# Activity
Extract each line from the entries below that has the string "fillet" in it.

# Materials provided

-------

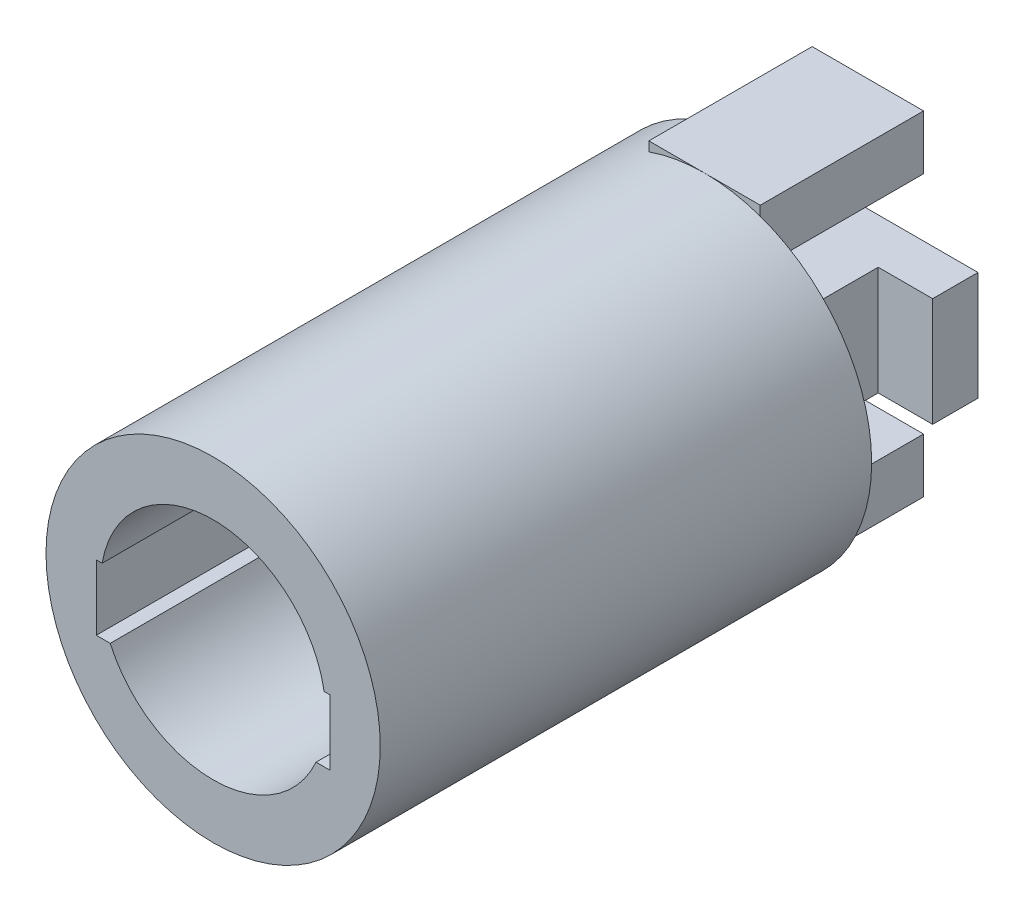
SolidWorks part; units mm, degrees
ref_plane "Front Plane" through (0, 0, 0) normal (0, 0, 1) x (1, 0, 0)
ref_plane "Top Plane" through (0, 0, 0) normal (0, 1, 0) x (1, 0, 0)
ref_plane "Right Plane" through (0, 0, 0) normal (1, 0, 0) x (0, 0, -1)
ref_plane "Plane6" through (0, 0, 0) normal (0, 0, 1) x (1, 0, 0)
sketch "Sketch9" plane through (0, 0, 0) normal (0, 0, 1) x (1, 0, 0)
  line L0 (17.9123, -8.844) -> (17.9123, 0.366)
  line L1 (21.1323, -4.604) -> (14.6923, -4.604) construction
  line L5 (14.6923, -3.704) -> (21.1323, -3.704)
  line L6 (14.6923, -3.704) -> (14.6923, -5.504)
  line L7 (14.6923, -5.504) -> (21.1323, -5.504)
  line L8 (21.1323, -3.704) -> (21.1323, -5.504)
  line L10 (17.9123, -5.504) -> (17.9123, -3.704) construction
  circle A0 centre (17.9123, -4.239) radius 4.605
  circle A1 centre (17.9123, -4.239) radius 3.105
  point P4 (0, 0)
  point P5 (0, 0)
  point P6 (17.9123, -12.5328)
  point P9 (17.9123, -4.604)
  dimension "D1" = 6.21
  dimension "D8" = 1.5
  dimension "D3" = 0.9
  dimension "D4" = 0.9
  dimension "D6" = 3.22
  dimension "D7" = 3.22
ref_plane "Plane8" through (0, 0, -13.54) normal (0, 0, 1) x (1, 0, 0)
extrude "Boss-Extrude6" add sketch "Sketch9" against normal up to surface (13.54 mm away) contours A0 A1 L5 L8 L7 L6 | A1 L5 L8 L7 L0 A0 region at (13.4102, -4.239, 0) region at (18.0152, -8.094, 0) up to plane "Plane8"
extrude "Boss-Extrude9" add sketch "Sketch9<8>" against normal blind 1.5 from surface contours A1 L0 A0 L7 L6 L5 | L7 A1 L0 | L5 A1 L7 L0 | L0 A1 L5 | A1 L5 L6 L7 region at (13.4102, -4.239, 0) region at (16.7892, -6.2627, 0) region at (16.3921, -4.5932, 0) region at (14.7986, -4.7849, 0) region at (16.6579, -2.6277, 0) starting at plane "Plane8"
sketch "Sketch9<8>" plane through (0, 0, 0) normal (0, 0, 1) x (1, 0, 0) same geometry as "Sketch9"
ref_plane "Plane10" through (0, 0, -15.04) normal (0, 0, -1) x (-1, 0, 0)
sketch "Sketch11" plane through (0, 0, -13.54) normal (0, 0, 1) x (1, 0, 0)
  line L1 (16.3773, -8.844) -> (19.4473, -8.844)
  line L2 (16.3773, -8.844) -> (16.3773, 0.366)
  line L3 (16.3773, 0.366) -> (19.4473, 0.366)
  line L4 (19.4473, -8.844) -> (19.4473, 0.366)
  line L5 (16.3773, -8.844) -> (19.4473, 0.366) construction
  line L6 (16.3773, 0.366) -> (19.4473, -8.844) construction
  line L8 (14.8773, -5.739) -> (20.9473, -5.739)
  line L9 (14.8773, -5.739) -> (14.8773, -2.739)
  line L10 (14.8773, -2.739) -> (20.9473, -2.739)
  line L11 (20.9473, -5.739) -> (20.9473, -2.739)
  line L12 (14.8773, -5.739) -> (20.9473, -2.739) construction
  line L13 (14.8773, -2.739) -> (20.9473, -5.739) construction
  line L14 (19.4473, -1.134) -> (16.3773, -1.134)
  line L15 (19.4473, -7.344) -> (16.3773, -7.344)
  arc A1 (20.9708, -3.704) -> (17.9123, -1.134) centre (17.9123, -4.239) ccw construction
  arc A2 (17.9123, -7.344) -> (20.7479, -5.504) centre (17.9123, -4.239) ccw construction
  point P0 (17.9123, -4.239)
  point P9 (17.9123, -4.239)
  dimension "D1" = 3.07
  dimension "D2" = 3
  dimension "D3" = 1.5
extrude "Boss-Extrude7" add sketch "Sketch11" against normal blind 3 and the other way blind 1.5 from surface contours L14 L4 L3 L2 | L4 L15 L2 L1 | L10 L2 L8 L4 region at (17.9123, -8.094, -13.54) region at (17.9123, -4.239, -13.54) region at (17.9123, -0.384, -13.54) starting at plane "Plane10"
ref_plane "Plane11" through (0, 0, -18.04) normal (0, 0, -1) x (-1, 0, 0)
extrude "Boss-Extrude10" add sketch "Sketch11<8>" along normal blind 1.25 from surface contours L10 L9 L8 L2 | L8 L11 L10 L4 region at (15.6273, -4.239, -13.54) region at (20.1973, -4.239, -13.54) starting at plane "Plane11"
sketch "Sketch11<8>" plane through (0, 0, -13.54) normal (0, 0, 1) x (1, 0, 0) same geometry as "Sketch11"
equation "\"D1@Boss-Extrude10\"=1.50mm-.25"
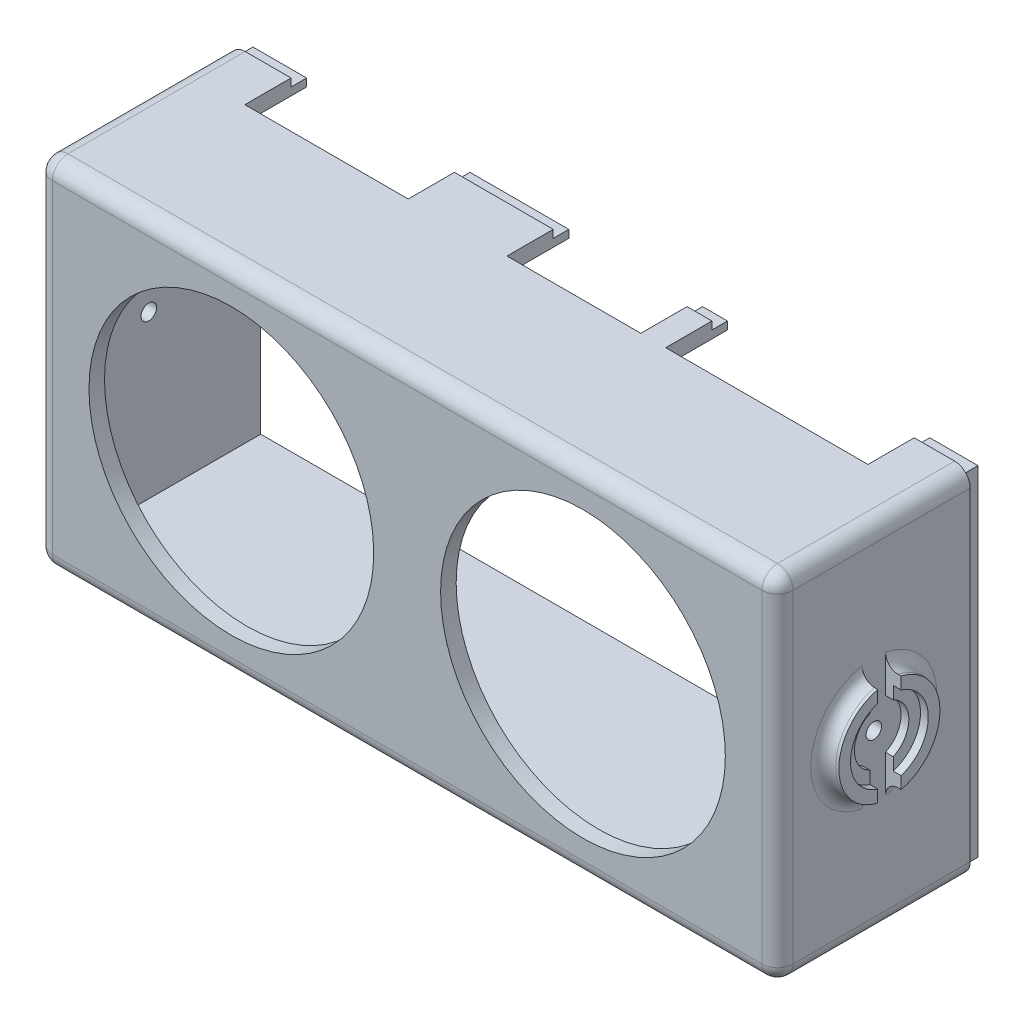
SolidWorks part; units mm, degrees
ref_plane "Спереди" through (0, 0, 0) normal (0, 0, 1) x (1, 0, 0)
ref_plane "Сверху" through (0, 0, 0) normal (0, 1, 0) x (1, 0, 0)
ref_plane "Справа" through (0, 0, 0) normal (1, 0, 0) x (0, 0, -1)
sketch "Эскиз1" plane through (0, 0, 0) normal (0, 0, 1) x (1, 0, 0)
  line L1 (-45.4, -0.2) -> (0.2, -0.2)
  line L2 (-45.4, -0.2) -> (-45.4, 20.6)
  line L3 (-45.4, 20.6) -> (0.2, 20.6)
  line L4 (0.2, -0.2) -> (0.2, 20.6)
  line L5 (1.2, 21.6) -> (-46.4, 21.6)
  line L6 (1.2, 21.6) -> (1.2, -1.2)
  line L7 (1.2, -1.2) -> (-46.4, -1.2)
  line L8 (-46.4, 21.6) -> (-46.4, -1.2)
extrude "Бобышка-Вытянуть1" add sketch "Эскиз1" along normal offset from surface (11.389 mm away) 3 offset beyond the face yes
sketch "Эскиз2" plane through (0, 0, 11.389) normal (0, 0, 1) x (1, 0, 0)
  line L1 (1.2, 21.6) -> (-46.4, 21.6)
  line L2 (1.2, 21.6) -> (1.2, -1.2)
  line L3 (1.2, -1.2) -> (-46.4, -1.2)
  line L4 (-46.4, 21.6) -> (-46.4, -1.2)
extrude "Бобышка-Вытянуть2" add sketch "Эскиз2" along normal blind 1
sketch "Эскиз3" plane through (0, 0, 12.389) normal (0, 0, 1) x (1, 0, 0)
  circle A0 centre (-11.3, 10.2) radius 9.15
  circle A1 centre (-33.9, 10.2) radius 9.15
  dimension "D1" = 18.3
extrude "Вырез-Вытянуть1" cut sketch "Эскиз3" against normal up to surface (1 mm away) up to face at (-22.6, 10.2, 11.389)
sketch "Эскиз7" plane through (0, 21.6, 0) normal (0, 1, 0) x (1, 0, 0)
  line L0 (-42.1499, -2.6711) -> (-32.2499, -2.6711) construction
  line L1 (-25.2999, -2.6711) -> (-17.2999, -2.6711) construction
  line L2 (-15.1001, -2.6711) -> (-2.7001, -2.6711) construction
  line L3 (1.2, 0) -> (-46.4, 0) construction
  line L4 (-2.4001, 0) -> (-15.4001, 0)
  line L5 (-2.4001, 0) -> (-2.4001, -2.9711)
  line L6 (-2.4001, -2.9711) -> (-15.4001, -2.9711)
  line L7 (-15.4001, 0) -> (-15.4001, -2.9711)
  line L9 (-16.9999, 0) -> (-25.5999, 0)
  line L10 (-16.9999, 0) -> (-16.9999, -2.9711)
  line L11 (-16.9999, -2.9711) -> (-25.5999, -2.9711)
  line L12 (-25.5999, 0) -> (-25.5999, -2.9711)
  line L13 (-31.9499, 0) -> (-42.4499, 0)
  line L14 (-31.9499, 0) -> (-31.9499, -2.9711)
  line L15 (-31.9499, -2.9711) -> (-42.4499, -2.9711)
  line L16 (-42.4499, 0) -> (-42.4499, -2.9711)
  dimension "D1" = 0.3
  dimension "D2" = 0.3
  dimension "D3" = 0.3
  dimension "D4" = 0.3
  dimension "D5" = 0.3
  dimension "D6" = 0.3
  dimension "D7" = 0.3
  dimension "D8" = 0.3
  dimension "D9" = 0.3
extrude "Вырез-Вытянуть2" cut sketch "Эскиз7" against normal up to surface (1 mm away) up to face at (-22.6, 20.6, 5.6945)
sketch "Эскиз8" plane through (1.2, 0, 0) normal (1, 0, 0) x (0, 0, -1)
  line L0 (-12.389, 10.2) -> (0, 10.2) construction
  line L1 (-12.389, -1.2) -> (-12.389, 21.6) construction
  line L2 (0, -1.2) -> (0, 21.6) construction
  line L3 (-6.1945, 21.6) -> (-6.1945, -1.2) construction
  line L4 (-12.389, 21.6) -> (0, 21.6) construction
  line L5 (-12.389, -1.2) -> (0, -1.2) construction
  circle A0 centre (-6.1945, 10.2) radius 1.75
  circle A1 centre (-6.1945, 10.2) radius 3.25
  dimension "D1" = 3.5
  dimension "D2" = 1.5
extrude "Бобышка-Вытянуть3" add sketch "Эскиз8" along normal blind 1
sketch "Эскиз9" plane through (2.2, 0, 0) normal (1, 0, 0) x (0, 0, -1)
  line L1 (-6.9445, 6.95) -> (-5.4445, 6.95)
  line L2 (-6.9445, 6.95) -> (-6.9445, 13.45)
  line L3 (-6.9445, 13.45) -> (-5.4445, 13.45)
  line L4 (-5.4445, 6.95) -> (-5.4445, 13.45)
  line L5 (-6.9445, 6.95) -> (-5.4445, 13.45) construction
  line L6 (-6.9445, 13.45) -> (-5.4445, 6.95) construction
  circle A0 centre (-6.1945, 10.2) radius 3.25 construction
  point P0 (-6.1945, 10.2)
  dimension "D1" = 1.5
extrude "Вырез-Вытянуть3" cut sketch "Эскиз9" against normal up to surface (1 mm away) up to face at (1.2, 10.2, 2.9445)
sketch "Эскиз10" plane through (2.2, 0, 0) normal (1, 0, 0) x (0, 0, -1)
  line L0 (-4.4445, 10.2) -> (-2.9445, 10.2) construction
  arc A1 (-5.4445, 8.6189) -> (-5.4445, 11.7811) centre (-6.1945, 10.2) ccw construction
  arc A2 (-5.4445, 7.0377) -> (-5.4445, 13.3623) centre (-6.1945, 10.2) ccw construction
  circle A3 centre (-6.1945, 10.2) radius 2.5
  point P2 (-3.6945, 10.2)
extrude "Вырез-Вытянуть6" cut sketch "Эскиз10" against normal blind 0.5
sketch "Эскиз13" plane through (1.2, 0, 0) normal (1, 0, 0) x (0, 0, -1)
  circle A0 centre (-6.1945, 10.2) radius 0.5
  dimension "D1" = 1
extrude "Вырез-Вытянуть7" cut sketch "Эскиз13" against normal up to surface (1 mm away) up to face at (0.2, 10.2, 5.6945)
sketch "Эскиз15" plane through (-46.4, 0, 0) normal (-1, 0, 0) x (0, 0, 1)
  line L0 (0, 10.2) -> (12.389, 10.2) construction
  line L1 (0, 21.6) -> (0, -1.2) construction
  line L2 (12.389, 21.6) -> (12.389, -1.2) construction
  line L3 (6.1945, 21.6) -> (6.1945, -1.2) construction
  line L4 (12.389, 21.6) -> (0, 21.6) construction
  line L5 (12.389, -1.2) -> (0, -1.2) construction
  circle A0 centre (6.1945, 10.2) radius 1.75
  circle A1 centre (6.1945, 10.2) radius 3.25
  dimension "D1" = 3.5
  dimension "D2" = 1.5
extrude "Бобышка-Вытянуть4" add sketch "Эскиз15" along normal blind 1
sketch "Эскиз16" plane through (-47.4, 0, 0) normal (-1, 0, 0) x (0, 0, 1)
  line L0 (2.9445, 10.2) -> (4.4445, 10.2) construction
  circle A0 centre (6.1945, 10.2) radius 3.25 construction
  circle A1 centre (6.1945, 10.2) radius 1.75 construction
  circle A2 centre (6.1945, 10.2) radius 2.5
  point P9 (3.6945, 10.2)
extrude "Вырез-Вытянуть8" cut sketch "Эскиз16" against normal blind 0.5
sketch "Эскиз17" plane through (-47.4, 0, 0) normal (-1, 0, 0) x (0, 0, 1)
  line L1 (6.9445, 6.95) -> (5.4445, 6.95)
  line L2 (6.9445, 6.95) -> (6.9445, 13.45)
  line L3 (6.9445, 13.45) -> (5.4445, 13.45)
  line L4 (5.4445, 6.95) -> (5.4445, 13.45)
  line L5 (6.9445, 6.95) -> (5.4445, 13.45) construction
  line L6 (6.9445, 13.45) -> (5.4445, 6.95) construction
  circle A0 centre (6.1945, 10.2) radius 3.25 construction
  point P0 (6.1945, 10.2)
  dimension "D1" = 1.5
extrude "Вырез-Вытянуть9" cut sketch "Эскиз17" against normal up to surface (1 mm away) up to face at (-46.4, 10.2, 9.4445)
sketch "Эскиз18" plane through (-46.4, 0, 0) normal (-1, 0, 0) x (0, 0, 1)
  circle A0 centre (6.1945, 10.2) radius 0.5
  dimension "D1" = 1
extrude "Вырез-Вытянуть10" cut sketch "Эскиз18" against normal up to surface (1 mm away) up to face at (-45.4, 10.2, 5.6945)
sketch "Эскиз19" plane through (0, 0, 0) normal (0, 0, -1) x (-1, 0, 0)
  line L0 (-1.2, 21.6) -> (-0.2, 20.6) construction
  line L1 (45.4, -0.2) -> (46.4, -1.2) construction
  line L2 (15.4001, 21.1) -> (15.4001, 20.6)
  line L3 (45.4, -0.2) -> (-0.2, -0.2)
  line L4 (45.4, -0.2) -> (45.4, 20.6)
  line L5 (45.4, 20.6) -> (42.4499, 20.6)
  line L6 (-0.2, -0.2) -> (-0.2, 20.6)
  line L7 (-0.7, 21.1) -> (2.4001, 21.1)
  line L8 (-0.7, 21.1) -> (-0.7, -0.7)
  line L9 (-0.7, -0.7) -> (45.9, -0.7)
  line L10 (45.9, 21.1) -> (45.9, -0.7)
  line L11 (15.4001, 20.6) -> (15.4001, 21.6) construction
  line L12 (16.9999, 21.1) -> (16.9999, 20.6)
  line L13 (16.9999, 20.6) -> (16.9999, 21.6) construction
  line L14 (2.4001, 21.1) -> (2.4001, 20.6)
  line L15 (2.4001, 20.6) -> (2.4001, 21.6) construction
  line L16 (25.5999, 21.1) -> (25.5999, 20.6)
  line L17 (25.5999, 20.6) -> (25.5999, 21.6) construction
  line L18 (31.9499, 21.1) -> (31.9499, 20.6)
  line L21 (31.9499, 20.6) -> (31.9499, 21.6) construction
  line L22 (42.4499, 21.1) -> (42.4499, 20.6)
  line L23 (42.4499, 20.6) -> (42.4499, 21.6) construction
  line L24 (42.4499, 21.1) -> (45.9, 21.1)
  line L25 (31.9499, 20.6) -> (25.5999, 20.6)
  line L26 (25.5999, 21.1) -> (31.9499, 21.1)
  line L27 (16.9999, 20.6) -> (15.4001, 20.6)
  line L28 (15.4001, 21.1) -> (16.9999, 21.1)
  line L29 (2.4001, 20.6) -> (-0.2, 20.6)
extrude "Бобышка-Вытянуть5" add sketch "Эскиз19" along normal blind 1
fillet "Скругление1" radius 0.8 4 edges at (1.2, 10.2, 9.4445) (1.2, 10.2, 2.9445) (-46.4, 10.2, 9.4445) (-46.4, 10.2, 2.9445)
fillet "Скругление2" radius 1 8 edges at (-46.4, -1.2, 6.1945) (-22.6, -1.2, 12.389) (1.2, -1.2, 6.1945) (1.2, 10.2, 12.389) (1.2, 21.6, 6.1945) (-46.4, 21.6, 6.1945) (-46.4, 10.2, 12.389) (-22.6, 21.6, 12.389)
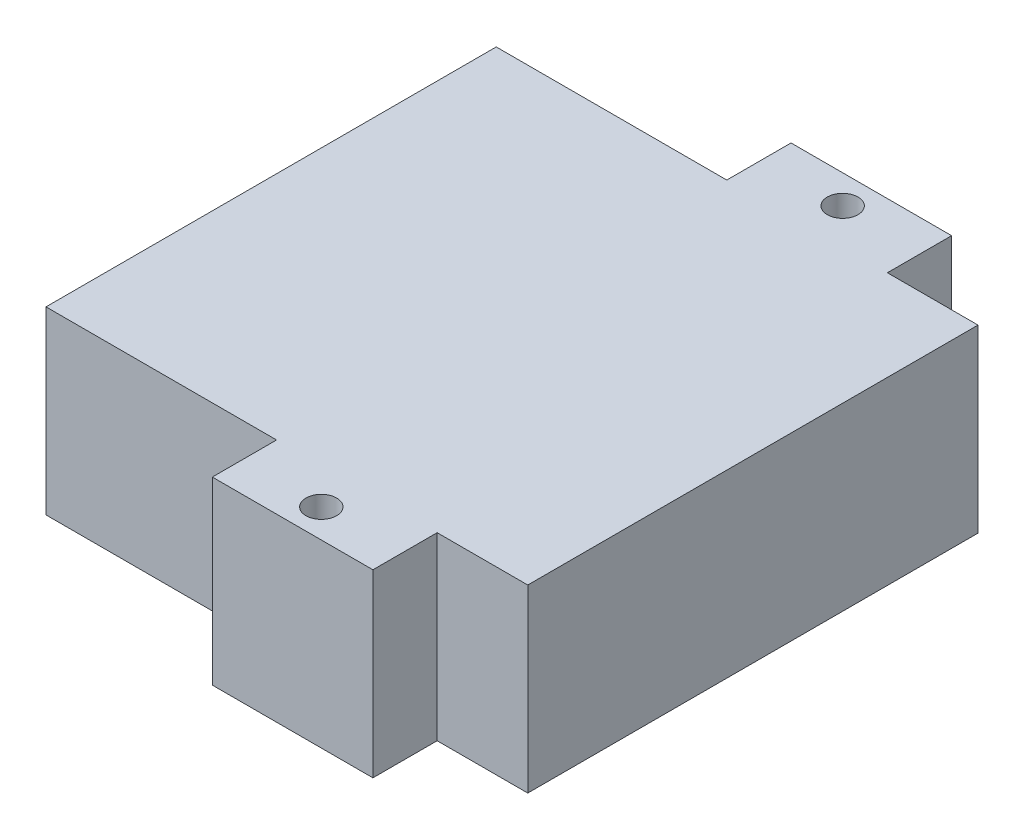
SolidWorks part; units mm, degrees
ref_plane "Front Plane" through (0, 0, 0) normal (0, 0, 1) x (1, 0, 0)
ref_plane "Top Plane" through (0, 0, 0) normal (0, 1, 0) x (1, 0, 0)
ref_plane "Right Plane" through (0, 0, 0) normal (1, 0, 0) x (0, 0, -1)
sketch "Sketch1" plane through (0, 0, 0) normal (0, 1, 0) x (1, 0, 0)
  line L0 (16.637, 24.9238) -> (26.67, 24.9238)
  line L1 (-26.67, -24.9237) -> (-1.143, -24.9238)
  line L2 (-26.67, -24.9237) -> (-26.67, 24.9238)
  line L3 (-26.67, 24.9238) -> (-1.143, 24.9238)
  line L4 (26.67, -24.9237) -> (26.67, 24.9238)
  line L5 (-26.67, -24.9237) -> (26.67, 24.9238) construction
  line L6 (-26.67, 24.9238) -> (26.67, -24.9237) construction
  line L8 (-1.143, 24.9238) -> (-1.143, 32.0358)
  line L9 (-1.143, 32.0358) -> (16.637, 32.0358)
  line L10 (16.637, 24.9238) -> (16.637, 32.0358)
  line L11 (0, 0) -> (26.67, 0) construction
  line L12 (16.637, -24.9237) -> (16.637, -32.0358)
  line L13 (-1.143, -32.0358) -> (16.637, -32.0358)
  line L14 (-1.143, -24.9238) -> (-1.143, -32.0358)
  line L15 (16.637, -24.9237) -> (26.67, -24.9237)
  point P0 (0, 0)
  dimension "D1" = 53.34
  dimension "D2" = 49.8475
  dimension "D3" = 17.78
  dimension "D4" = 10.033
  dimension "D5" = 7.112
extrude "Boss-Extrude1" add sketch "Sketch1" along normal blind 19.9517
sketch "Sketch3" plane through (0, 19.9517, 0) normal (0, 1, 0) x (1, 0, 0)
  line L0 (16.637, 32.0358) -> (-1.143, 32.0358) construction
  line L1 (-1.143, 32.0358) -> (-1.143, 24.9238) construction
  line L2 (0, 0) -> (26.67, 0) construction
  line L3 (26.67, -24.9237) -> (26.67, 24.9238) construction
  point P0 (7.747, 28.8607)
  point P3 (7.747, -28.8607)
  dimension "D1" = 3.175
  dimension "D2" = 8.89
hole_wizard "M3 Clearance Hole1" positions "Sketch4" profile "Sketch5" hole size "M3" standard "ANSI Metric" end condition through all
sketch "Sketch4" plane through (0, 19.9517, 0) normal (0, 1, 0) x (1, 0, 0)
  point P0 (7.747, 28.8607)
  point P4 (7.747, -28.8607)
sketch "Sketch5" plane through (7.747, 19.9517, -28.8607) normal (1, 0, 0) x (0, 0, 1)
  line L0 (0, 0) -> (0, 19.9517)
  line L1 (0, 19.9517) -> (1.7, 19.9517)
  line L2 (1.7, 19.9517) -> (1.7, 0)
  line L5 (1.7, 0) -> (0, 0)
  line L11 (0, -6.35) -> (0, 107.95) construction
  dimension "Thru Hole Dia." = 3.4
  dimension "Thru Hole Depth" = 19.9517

-------

# Written answer
fillet "Скругление1" radius 0.8 4 edges at (1.2, 10.2, 9.4445) (1.2, 10.2, 2.9445) (-46.4, 10.2, 9.4445) (-46.4, 10.2, 2.9445)
fillet "Скругление2" radius 1 8 edges at (-46.4, -1.2, 6.1945) (-22.6, -1.2, 12.389) (1.2, -1.2, 6.1945) (1.2, 10.2, 12.389) (1.2, 21.6, 6.1945) (-46.4, 21.6, 6.1945) (-46.4, 10.2, 12.389) (-22.6, 21.6, 12.389)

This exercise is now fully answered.